3. Commit the settings:

        zfs:shares mysql (uncommitted)> commit

4. Select the 'mysql' project:

        zfs:> shares select mysql

5. Create a LUN called 'innodb-data' to hold data files:

        zfs:shares mysql> lun innodb-data

6. Set the volume block record size to 16K to match Innodb’s standard page size:

        zfs:shares mysql/innodb-data (uncommitted)> set volblocksize=16K
                               volblocksize = 16K (uncommitted)

7. Set the volume size to a value large enough to accommodate your database:

        zfs:shares mysql/innodb-data (uncommitted)> set volsize=1T
                               volsize = 1T (uncommitted)

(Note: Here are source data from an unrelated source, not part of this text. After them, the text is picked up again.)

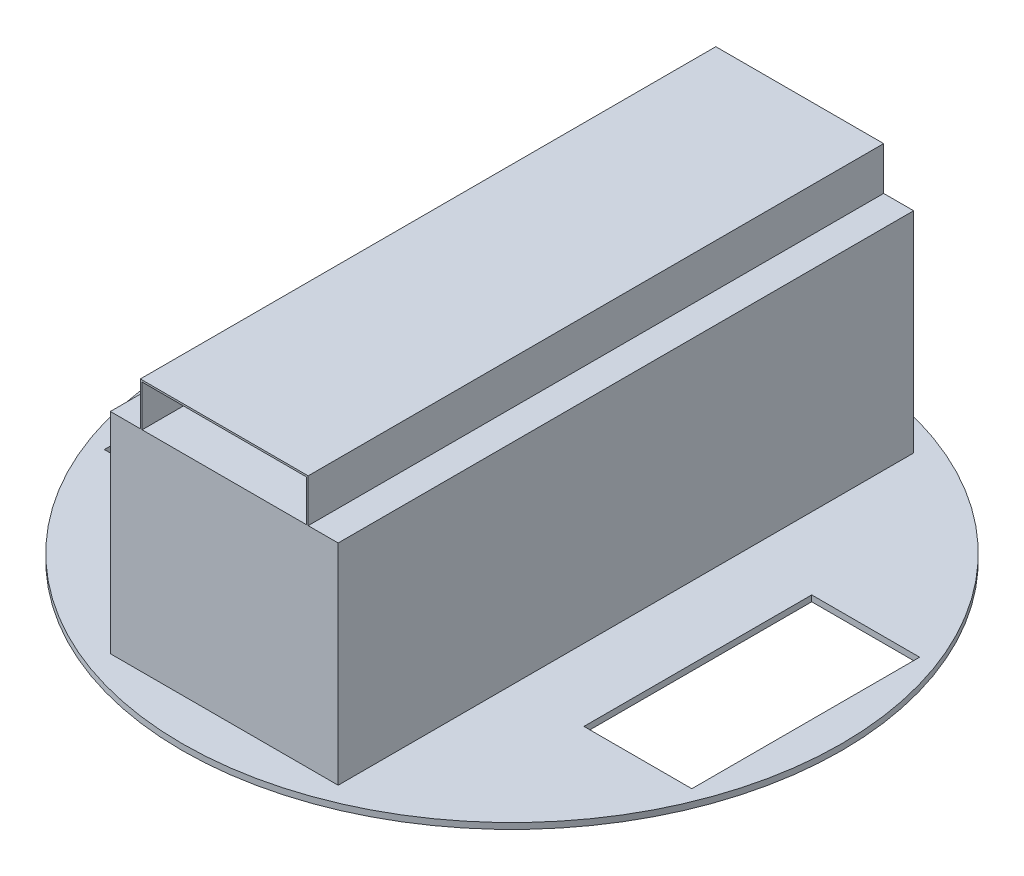
from build123d import *

# Parameters (mm, degrees)
SKETCH_1_R      = 275
SKETCH_1_W      = 90
SKETCH_1_H      = 190
EXTRUDE_1_DEPTH = 5
SKETCH_1_4_W    = 190
SKETCH_1_4_H    = 480
EXTRUDE_2_DEPTH = 180
EXTRUDE_3_DEPTH = 480
SKETCH_5_W      = 45
SKETCH_5_H      = 45
SKETCH_5_R      = 12
EXTRUDE_4_DEPTH = 2
SKETCH_5_3_R    = 12
EXTRUDE_5_DEPTH = 4


with BuildPart() as part:
    # 草图1 → 凸台-拉伸1 (new body)
    with BuildSketch(Plane(origin=(0, 0, 0), x_dir=(1, 0, 0), z_dir=(0, 1, 0))):
        with Locations(Location((0, 0, 0), (0, 0, 270))):
            Circle(SKETCH_1_R)
        with Locations((-200, 0)):
            Rectangle(SKETCH_1_W, SKETCH_1_H, mode=Mode.SUBTRACT)
        with Locations((200, 0)):
            Rectangle(SKETCH_1_W, SKETCH_1_H, mode=Mode.SUBTRACT)
    extrude(amount=EXTRUDE_1_DEPTH)

    # 草图1<4> → 凸台-拉伸2 (add)
    with BuildSketch(Plane(origin=(0, 0, 0), x_dir=(1, 0, 0), z_dir=(0, 1, 0))):
        Rectangle(SKETCH_1_4_W, SKETCH_1_4_H)
    extrude(amount=EXTRUDE_2_DEPTH)

    # 草图2 → 凸台-拉伸3 (add)
    with BuildSketch(Plane.XY.offset(240)):
        Polygon((-68.5, 214.5), (-68.5, 181.5), (-68.5, 180), (-70, 180), (-70, 216), (70, 216), (70, 180), (68.5, 180), (68.5, 181.5), (68.5, 214.5), align=None)
    extrude(amount=-EXTRUDE_3_DEPTH)

    # 草图5 → 凸台-拉伸4 (add)
    # profile 1 of 3: a face of its own
    with BuildSketch(Plane.XZ):
        with Locations((-157.292912236, 142.766592664)):
            Rectangle(SKETCH_5_W, SKETCH_5_H)
        with Locations(Location((-157.292912236, 142.766592664, 0), (0, 0, 270))):
            Circle(SKETCH_5_R, mode=Mode.SUBTRACT)
    # profile 2 of 3: a face of its own
    with BuildSketch(Plane.XZ):
        with Locations((157.292912236, 142.766592664)):
            Rectangle(SKETCH_5_W, SKETCH_5_H)
        with Locations(Location((157.292912236, 142.766592664, 0), (0, 0, 270))):
            Circle(SKETCH_5_R, mode=Mode.SUBTRACT)
    # profile 3 of 3: a face of its own
    with BuildSketch(Plane.XZ):
        with Locations((0, -194.549146173)):
            Rectangle(SKETCH_5_W, SKETCH_5_H)
        with Locations(Location((0, -194.549146173, 0), (0, 0, 270))):
            Circle(SKETCH_5_R, mode=Mode.SUBTRACT)
    extrude(amount=EXTRUDE_4_DEPTH)

    # 草图5<3> → 凸台-拉伸5 (add)
    with BuildSketch(Plane.XZ):
        with Locations(Location((-157.292912236, 142.766592664, 0), (0, 0, 270))):
            Circle(SKETCH_5_3_R)
        with Locations(Location((0, -194.549146173, 0), (0, 0, 270))):
            Circle(SKETCH_5_3_R)
        with Locations(Location((157.292912236, 142.766592664, 0), (0, 0, 270))):
            Circle(SKETCH_5_3_R)
    extrude(amount=EXTRUDE_5_DEPTH)


solid = part.part

8. Set the initiator and target groups:

        zfs:shares mysql/innodb-data (uncommitted)> set initiatorgroup=mysql-init
                               initiatorgroup = 1T (uncommitted)
        zfs:shares mysql/innodb-data (uncommitted)> set targetgroup=mysql-tgt
                               initiatorgroup = 1T (uncommitted)
        zfs:shares mysql/innodb-data (uncommitted)> commit

9. Create a LUN called ‘innodb-log’ to hold the redo logs:

        zfs:shares mysql> lun innodb-log

10. Set the volume block record size to 128K:

        zfs:shares mysql/innodb-log (uncommitted)> set volblocksize=128K
                               volblocksize = 128K (uncommitted)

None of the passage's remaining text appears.